The data START

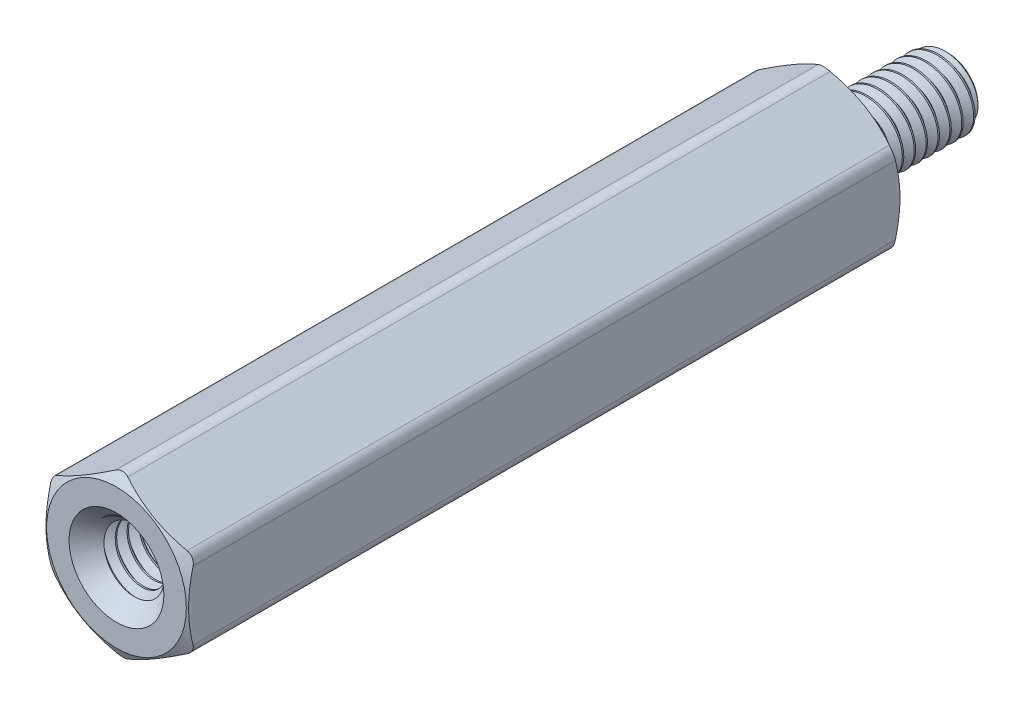
SolidWorks part; units mm, degrees
ref_plane "Front Plane" through (0, 0, 0) normal (0, 0, 1) x (1, 0, 0)
ref_plane "Top Plane" through (0, 0, 0) normal (0, 1, 0) x (1, 0, 0)
ref_plane "Right Plane" through (0, 0, 0) normal (1, 0, 0) x (0, 0, -1)
sketch "Sketch1" plane through (0, 0, 0) normal (0, 0, 1) x (1, 0, 0)
  line L1 (3, 1.7321) -> (0, 3.4641)
  line L2 (0, 3.4641) -> (-3, 1.7321)
  line L3 (-3, 1.7321) -> (-3, -1.7321)
  line L4 (-3, -1.7321) -> (0, -3.4641)
  line L5 (0, -3.4641) -> (3, -1.7321)
  line L6 (3, -1.7321) -> (3, 1.7321)
  circle A0 centre (0, 0) radius 3 construction
  point P10 (0, -3)
  dimension "Hex Size" = 6
sketch "Sketch2" plane through (0, 0, 0) normal (1, 0, 0) x (0, 0, -1)
  line L0 (5, 0) -> (-30, 0) construction
  line L2 (0, 1.5) -> (0, -1.5) construction
  line L3 (-23.6, 1.5) -> (-23.6, -1.5) construction
  line L4 (-30.4687, 1.5541) -> (-30.2187, 1.1211) construction
  line L5 (-30.2187, 1.1211) -> (-29.9687, 1.5541) construction
  line L6 (-29.9687, 1.5541) -> (-30.4687, 1.5541) construction
  line L7 (-30.4375, 1.5) -> (-30, 1.5) construction
  line L8 (-30.25, 1.1752) -> (-30.1875, 1.1752) construction
  line L9 (-30.2187, 1.1752) -> (-30.2187, 1.1211) construction
  line L10 (-30.2187, 1.5) -> (-30.2187, 1.5541) construction
  line L11 (4.9687, 1.5541) -> (5.4687, 1.5541) construction
  line L12 (5.4687, 1.5541) -> (5.2187, 1.1211) construction
  line L13 (5.2187, 1.1211) -> (4.9687, 1.5541) construction
  line L14 (5, 1.5) -> (5.4375, 1.5) construction
  line L15 (5.1875, 1.1752) -> (5.25, 1.1752) construction
  line L16 (5.2187, 1.1752) -> (5.2187, 1.1211) construction
  line L17 (5.2187, 1.5) -> (5.2187, 1.5541) construction
  line L18 (0, 3.4641) -> (-30, 3.4641) construction
  point P6 (0, 0)
  point P9 (-23.6, 0)
  dimension "Length" = 30
sketch "Sketch3" plane through (0, 0, 0) normal (1, 0, 0) x (0, 0, -1)
  line L0 (-23.6, 0) -> (5, 0)
  line L1 (-23.6, 1.5) -> (-23.6, -1.5) construction
  line L2 (5, 0) -> (5, 1.25)
  line L3 (5, 1.25) -> (4.75, 1.5)
  line L4 (4.75, 1.5) -> (0.7875, 1.5)
  line L5 (0.7875, 1.5) -> (0.6, 1.1752)
  line L6 (-23.6, 0) -> (-23.6, 1.25)
  line L7 (-23.6, 1.25) -> (-23.85, 1.5)
  line L8 (-23.85, 1.5) -> (-29.75, 1.5)
  line L9 (-29.75, 1.5) -> (-30, 1.75)
  line L10 (4.75, 0) -> (4.75, -1.5) construction
  line L11 (-30, 1.75) -> (-30, 3)
  line L12 (-30, 3) -> (0, 3)
  line L14 (0.6, 1.1752) -> (0.25, 1.1752)
  line L15 (0, 1.4252) -> (0, 3)
  arc A0 (0, 1.4252) -> (0.25, 1.1752) centre (0.25, 1.4252) ccw
  point P5 (-30, -3)
  point P8 (-28.75, -1.5)
  point P9 (3.75, -1.5)
  point P27 (0, 1.1752)
  dimension "D4" = 0.25
  dimension "D2" = 0.25
  dimension "D1" = 45
  dimension "D6" = 1.25
  dimension "D7" = 60
  dimension "D3" = 1.25
  dimension "D5" = 0.6
revolve "Revolve1" add sketch "Sketch3" angle 360 about L0 region at (0, 1.5183, 12.2524)
sketch "Sketch4" plane through (0, 0, 30) normal (0, 0, 1) x (1, 0, 0)
  line L0 (0, 3) -> (0, 1.5) construction
  line L1 (-3, 1.7321) -> (-3, -1.7321)
  line L2 (-3, -1.7321) -> (0, -3.4641)
  line L3 (0, -3.4641) -> (3, -1.7321)
  line L4 (3, -1.7321) -> (3, 1.7321)
  line L5 (3, 1.7321) -> (0, 3.4641)
  line L6 (0, 3.4641) -> (-3, 1.7321)
  circle A0 centre (0, 0) radius 3 construction
  circle A1 centre (0, 0) radius 2.25
  circle A2 centre (0, 0) radius 3 construction
  point P16 (0, 2.25)
extrude "Boss-Extrude1" add sketch "Sketch4" against normal up to surface (30 mm away) up to face at (0, 3, 0)
sketch "Sketch5" plane through (0, 0, 30) normal (0, 0, 1) x (1, 0, 0)
  line L0 (-0.8604, 1.2287) -> (0.8604, -1.2287) construction
  line L1 (0, 1.5) -> (0, -1.5) construction
  line L3 (0, -6.2062) -> (0, 6.2062) construction
  circle A0 centre (0, 0) radius 2.94
  point P11 (0.8604, -1.2287)
  dimension "D1" = 5.88
  dimension "D2" = 35
extrude "Cut-Extrude1" cut sketch "Sketch5" against normal through all draft 60 flip side to cut
sketch "Sketch6" plane through (0, 0, 0) normal (0, 0, -1) x (-1, 0, 0)
  circle A0 centre (0, 0) radius 2.94
  circle A1 centre (0, 0) radius 2.94 construction
extrude "Cut-Extrude2" cut sketch "Sketch6" against normal through all draft 60 flip side to cut
fillet "Fillet1" radius 0.51 6 edges at (0, 3.4641, 15) (-3, -1.7321, 15) (0, -3.4641, 15) (3, -1.7321, 15) (3, 1.7321, 15) (-3, 1.7321, 15)
sketch "Drawing1" plane through (0, 0, 0) normal (1, 0, 0) x (0, 0, -1)
  line L0 (-30, 1.5) -> (-23.6, 1.5) construction
  line L1 (-23.6, 1.5) -> (-23.6, -1.5) construction
  line L2 (-23.6, -1.5) -> (-30, -1.5) construction
sketch "Sketch7" plane through (0, 0, 0) normal (-1, 0, 0) x (0, 0, 1)
  line L0 (-5.1875, 1.1752) -> (-5.25, 1.1752)
  line L1 (-5.25, 1.1752) -> (-5.4531, 1.5271)
  line L2 (-5.4687, 1.5541) -> (-5.2187, 1.1211) construction
  line L3 (-5.4531, 1.5271) -> (-4.9844, 1.5271)
  line L4 (-5.2187, 1.1211) -> (-4.9687, 1.5541) construction
  line L5 (-4.9844, 1.5271) -> (-5.1875, 1.1752)
  line L6 (-5.2187, 1.5) -> (-5.2187, 1.5541) construction
  point P12 (-5.2187, 1.5271)
sketch "Sketch8" plane through (0, 0, -5) normal (0, 0, -1) x (-1, 0, 0)
  circle A0 centre (0, 0) radius 1.5
curve "Helix/Spiral1" pitch 0.5 height 4.85 radius 1.5 centre (0, 0, -5) axis (0, 0, 1) start towards (0, 1, 0)
sweep "Cut-Sweep1" cut profiles "Sketch7" path "Helix/Spiral1" align with end faces yes
sketch "Sketch9" plane through (0, 0, 23.6) normal (0, 0, 1) x (1, 0, 0)
  circle A0 centre (0, 0) radius 1.75
extrude "Boss-Extrude2" add sketch "Sketch9" along normal up to surface (6.4 mm away) up to face at (0, 1.75, 30)
sketch "Sketch10" plane through (0, 0, 0) normal (1, 0, 0) x (0, 0, -1)
  line L0 (5, 0) -> (-30, 0) construction
  line L1 (-23.6, 1.5) -> (-30, 1.5)
  line L2 (-23.6, 1.5) -> (-23.6, 0)
  line L3 (-23.6, 0) -> (-30, 0)
  line L4 (-30, 1.5) -> (-30, 0)
revolve "Revolve2" add sketch "Sketch10" angle 360 about L0
sketch "Sketch11" plane through (0, 0, 30) normal (0, 0, 1) x (1, 0, 0)
  circle A0 centre (0, 0) radius 1.5
  circle A1 centre (0, 0) radius 1.5 construction
sketch "Sketch12" plane through (0, 0, 0) normal (1, 0, 0) x (0, 0, -1)
  line L0 (-30.25, 1.1752) -> (-30.1875, 1.1752)
  line L1 (-30.1875, 1.1752) -> (-29.9844, 1.5271)
  line L2 (-30.2187, 1.1211) -> (-29.9687, 1.5541) construction
  line L3 (-29.9844, 1.5271) -> (-30.4531, 1.5271)
  line L4 (-30.4687, 1.5541) -> (-30.2187, 1.1211) construction
  line L5 (-30.4531, 1.5271) -> (-30.25, 1.1752)
  line L6 (-30.2187, 1.5) -> (-30.2187, 1.5541) construction
  point P12 (-30.2187, 1.5271)
curve "Helix/Spiral2" pitch 0.5 height 6.9 radius 1.5 centre (0, 0, 30) axis (0, 0, -1) start towards (0, 1, 0)
sweep "Cut-Sweep2" cut profiles "Sketch12" path "Helix/Spiral2" align with end faces yes
combine bodies "Combine1" operation type subtract main body 113 bodies to subtract 114
sketch "Sketch13" plane through (0, 0, 30) normal (0, 0, 1) x (1, 0, 0)
  circle A0 centre (0, 0) radius 1.995
  dimension "D1" = 3.99
extrude "Cut-Extrude3" cut sketch "Sketch13" against normal through all draft 45
equation "\"Thread Pitch (B)/8@Sketch2\" = \"Thread Pitch (B)@Sketch2\" / 8"
equation "\"Thread Pitch (A)/8@Sketch2\" = \"Thread Pitch (A)@Sketch2\" / 8"
equation "\"D1@Sketch5\"=\"Hex Size@Sketch1\" * .98"
equation "\"D1@Fillet1\"=\"Hex Size@Sketch1\" * .085"
equation "\"D2@Sketch3\"=\"Thread Pitch (A)@Sketch2\" * .5"
equation "\"D4@Sketch3\" = \"D2@Sketch3\""
equation "\"D6@Sketch3\" = \"Thread Pitch (A)@Sketch2\" * 2.5"
equation "\"D3@Helix/Spiral1\" = \"Thread Length (A)@Sketch2\" - \"D5@Sketch3\" * .25"
equation "\"D4@Helix/Spiral1\" = \"Thread Pitch (A)@Sketch2\""
equation "\"D3@Sketch3\" = \"Thread Pitch (B)@Sketch2\" * 2.5"
equation "\"D5@Sketch3\" = \"Thread Length (A)@Sketch2\" * .12"
equation "\"D3@Helix/Spiral2\" = \"Minimum Thread Length (B)@Sketch2\" + \"Thread Pitch (B)@Sketch2\""
equation "\"D4@Helix/Spiral2\" = \"Thread Pitch (B)@Sketch2\""
equation "\"D1@Sketch13\"=(\"Hex Size@Sketch1\"-\"Thread Size (A)@Sketch2\")*.33+\"Thread Size (A)@Sketch2\""

The data END

> **Goal of the exercise**:
Everything above from the line with "line L0 (-30.25, 1.1752)" to the line with "line L5 (-30.4531, 1.5271)", both included, must be repeated exactly, and nothing outside that range.

> **Expected answer**:
  line L0 (-30.25, 1.1752) -> (-30.1875, 1.1752)
  line L1 (-30.1875, 1.1752) -> (-29.9844, 1.5271)
  line L2 (-30.2187, 1.1211) -> (-29.9687, 1.5541) construction
  line L3 (-29.9844, 1.5271) -> (-30.4531, 1.5271)
  line L4 (-30.4687, 1.5541) -> (-30.2187, 1.1211) construction
  line L5 (-30.4531, 1.5271) -> (-30.25, 1.1752)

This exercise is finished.